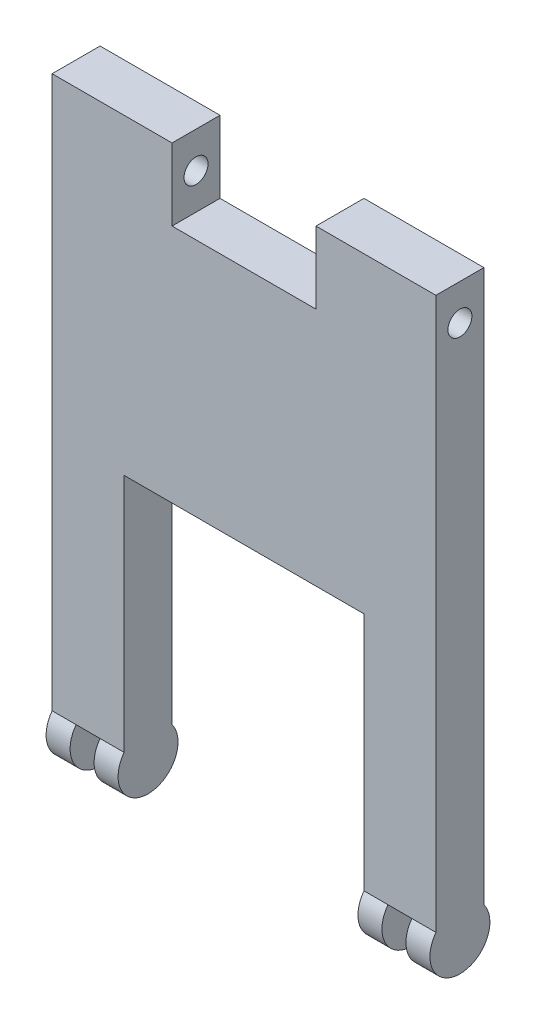
from build123d import *

# Parameters (mm, degrees)
BOSS_EXTRUDE2_DEPTH = 20
SKETCH2_R           = 12.5
CUT_EXTRUDE1_DEPTH  = 80
SKETCH3_R           = 12.5
BOSS_EXTRUDE3_DEPTH = 10
SKETCH4_R           = 12.5
BOSS_EXTRUDE4_DEPTH = 10
CUT_EXTRUDE2_REACH  = 162
SKETCH5_R           = 5
SKETCH6_W           = 60
SKETCH6_H           = 20
CUT_EXTRUDE3_DEPTH  = 30


with BuildPart() as part:
    # Sketch1 → Boss-Extrude2 (new body)
    with BuildSketch(Plane.XY):
        Polygon((50, -115), (80, -115), (80, 115), (-80, 115), (-80, -115), (-50, -115), (-50, -15), (50, -15), align=None)
    extrude(amount=-BOSS_EXTRUDE2_DEPTH)

    # Sketch2 → Cut-Extrude1 (cut, symmetric)
    with BuildSketch(Plane(origin=(0, 0, 0), x_dir=(0, 0, -1), z_dir=(1, 0, 0))):
        with Locations((10, -122.5)):
            Circle(SKETCH2_R)
    extrude(amount=CUT_EXTRUDE1_DEPTH, both=True, mode=Mode.SUBTRACT)

    # Sketch3 → Boss-Extrude3 (add)
    with BuildSketch(Plane(origin=(80, 0, 0), x_dir=(0, 0, -1), z_dir=(1, 0, 0))):
        with Locations((10, -122.5)):
            Circle(SKETCH3_R)
    boss_extrude3 = extrude(amount=-BOSS_EXTRUDE3_DEPTH)

    # Mirror1: Boss-Extrude3 across plane
    add(boss_extrude3.mirror(Plane(origin=(0, 0, 0), x_dir=(0, 0, 1), z_dir=(1, 0, 0))))

    # Sketch4 → Boss-Extrude4 (add)
    with BuildSketch(Plane.ZY.offset(-50)):
        with Locations((-10, -122.5)):
            Circle(SKETCH4_R)
    boss_extrude4 = extrude(amount=-BOSS_EXTRUDE4_DEPTH)

    # Mirror2: Boss-Extrude4 across plane
    add(boss_extrude4.mirror(Plane(origin=(0, 0, 0), x_dir=(0, 0, 1), z_dir=(1, 0, 0))))

    # Sketch5 → Cut-Extrude2 (cut, up to next)
    with BuildSketch(Plane(origin=(80, 0, 0), x_dir=(0, 0, -1), z_dir=(1, 0, 0)), mode=Mode.PRIVATE) as cut_extrude2_sk1:
        with Locations((10, 100)):
            Circle(SKETCH5_R)
    cut_extrude2_tool1 = extrude(cut_extrude2_sk1.sketch, amount=-CUT_EXTRUDE2_REACH, mode=Mode.PRIVATE) & part.part
    add(cut_extrude2_tool1.solids().sort_by_distance((80, 100, -10))[0], mode=Mode.SUBTRACT)

    # Sketch6 → Cut-Extrude3 (cut)
    with BuildSketch(Plane(origin=(0, 115, 0), x_dir=(1, 0, 0), z_dir=(0, 1, 0))):
        with Locations((0, 10)):
            Rectangle(SKETCH6_W, SKETCH6_H)
    extrude(amount=-CUT_EXTRUDE3_DEPTH, mode=Mode.SUBTRACT)


solid = part.part

→ The problem
Nothing but the pictures should be left out when the listing above is transcribed.

→ Task answer
from build123d import *

# Parameters (mm, degrees)
BOSS_EXTRUDE2_DEPTH = 20
SKETCH2_R           = 12.5
CUT_EXTRUDE1_DEPTH  = 80
SKETCH3_R           = 12.5
BOSS_EXTRUDE3_DEPTH = 10
SKETCH4_R           = 12.5
BOSS_EXTRUDE4_DEPTH = 10
CUT_EXTRUDE2_REACH  = 162
SKETCH5_R           = 5
SKETCH6_W           = 60
SKETCH6_H           = 20
CUT_EXTRUDE3_DEPTH  = 30


with BuildPart() as part:
    # Sketch1 → Boss-Extrude2 (new body)
    with BuildSketch(Plane.XY):
        Polygon((50, -115), (80, -115), (80, 115), (-80, 115), (-80, -115), (-50, -115), (-50, -15), (50, -15), align=None)
    extrude(amount=-BOSS_EXTRUDE2_DEPTH)

    # Sketch2 → Cut-Extrude1 (cut, symmetric)
    with BuildSketch(Plane(origin=(0, 0, 0), x_dir=(0, 0, -1), z_dir=(1, 0, 0))):
        with Locations((10, -122.5)):
            Circle(SKETCH2_R)
    extrude(amount=CUT_EXTRUDE1_DEPTH, both=True, mode=Mode.SUBTRACT)

    # Sketch3 → Boss-Extrude3 (add)
    with BuildSketch(Plane(origin=(80, 0, 0), x_dir=(0, 0, -1), z_dir=(1, 0, 0))):
        with Locations((10, -122.5)):
            Circle(SKETCH3_R)
    boss_extrude3 = extrude(amount=-BOSS_EXTRUDE3_DEPTH)

    # Mirror1: Boss-Extrude3 across plane
    add(boss_extrude3.mirror(Plane(origin=(0, 0, 0), x_dir=(0, 0, 1), z_dir=(1, 0, 0))))

    # Sketch4 → Boss-Extrude4 (add)
    with BuildSketch(Plane.ZY.offset(-50)):
        with Locations((-10, -122.5)):
            Circle(SKETCH4_R)
    boss_extrude4 = extrude(amount=-BOSS_EXTRUDE4_DEPTH)

    # Mirror2: Boss-Extrude4 across plane
    add(boss_extrude4.mirror(Plane(origin=(0, 0, 0), x_dir=(0, 0, 1), z_dir=(1, 0, 0))))

    # Sketch5 → Cut-Extrude2 (cut, up to next)
    with BuildSketch(Plane(origin=(80, 0, 0), x_dir=(0, 0, -1), z_dir=(1, 0, 0)), mode=Mode.PRIVATE) as cut_extrude2_sk1:
        with Locations((10, 100)):
            Circle(SKETCH5_R)
    cut_extrude2_tool1 = extrude(cut_extrude2_sk1.sketch, amount=-CUT_EXTRUDE2_REACH, mode=Mode.PRIVATE) & part.part
    add(cut_extrude2_tool1.solids().sort_by_distance((80, 100, -10))[0], mode=Mode.SUBTRACT)

    # Sketch6 → Cut-Extrude3 (cut)
    with BuildSketch(Plane(origin=(0, 115, 0), x_dir=(1, 0, 0), z_dir=(0, 1, 0))):
        with Locations((0, 10)):
            Rectangle(SKETCH6_W, SKETCH6_H)
    extrude(amount=-CUT_EXTRUDE3_DEPTH, mode=Mode.SUBTRACT)


solid = part.part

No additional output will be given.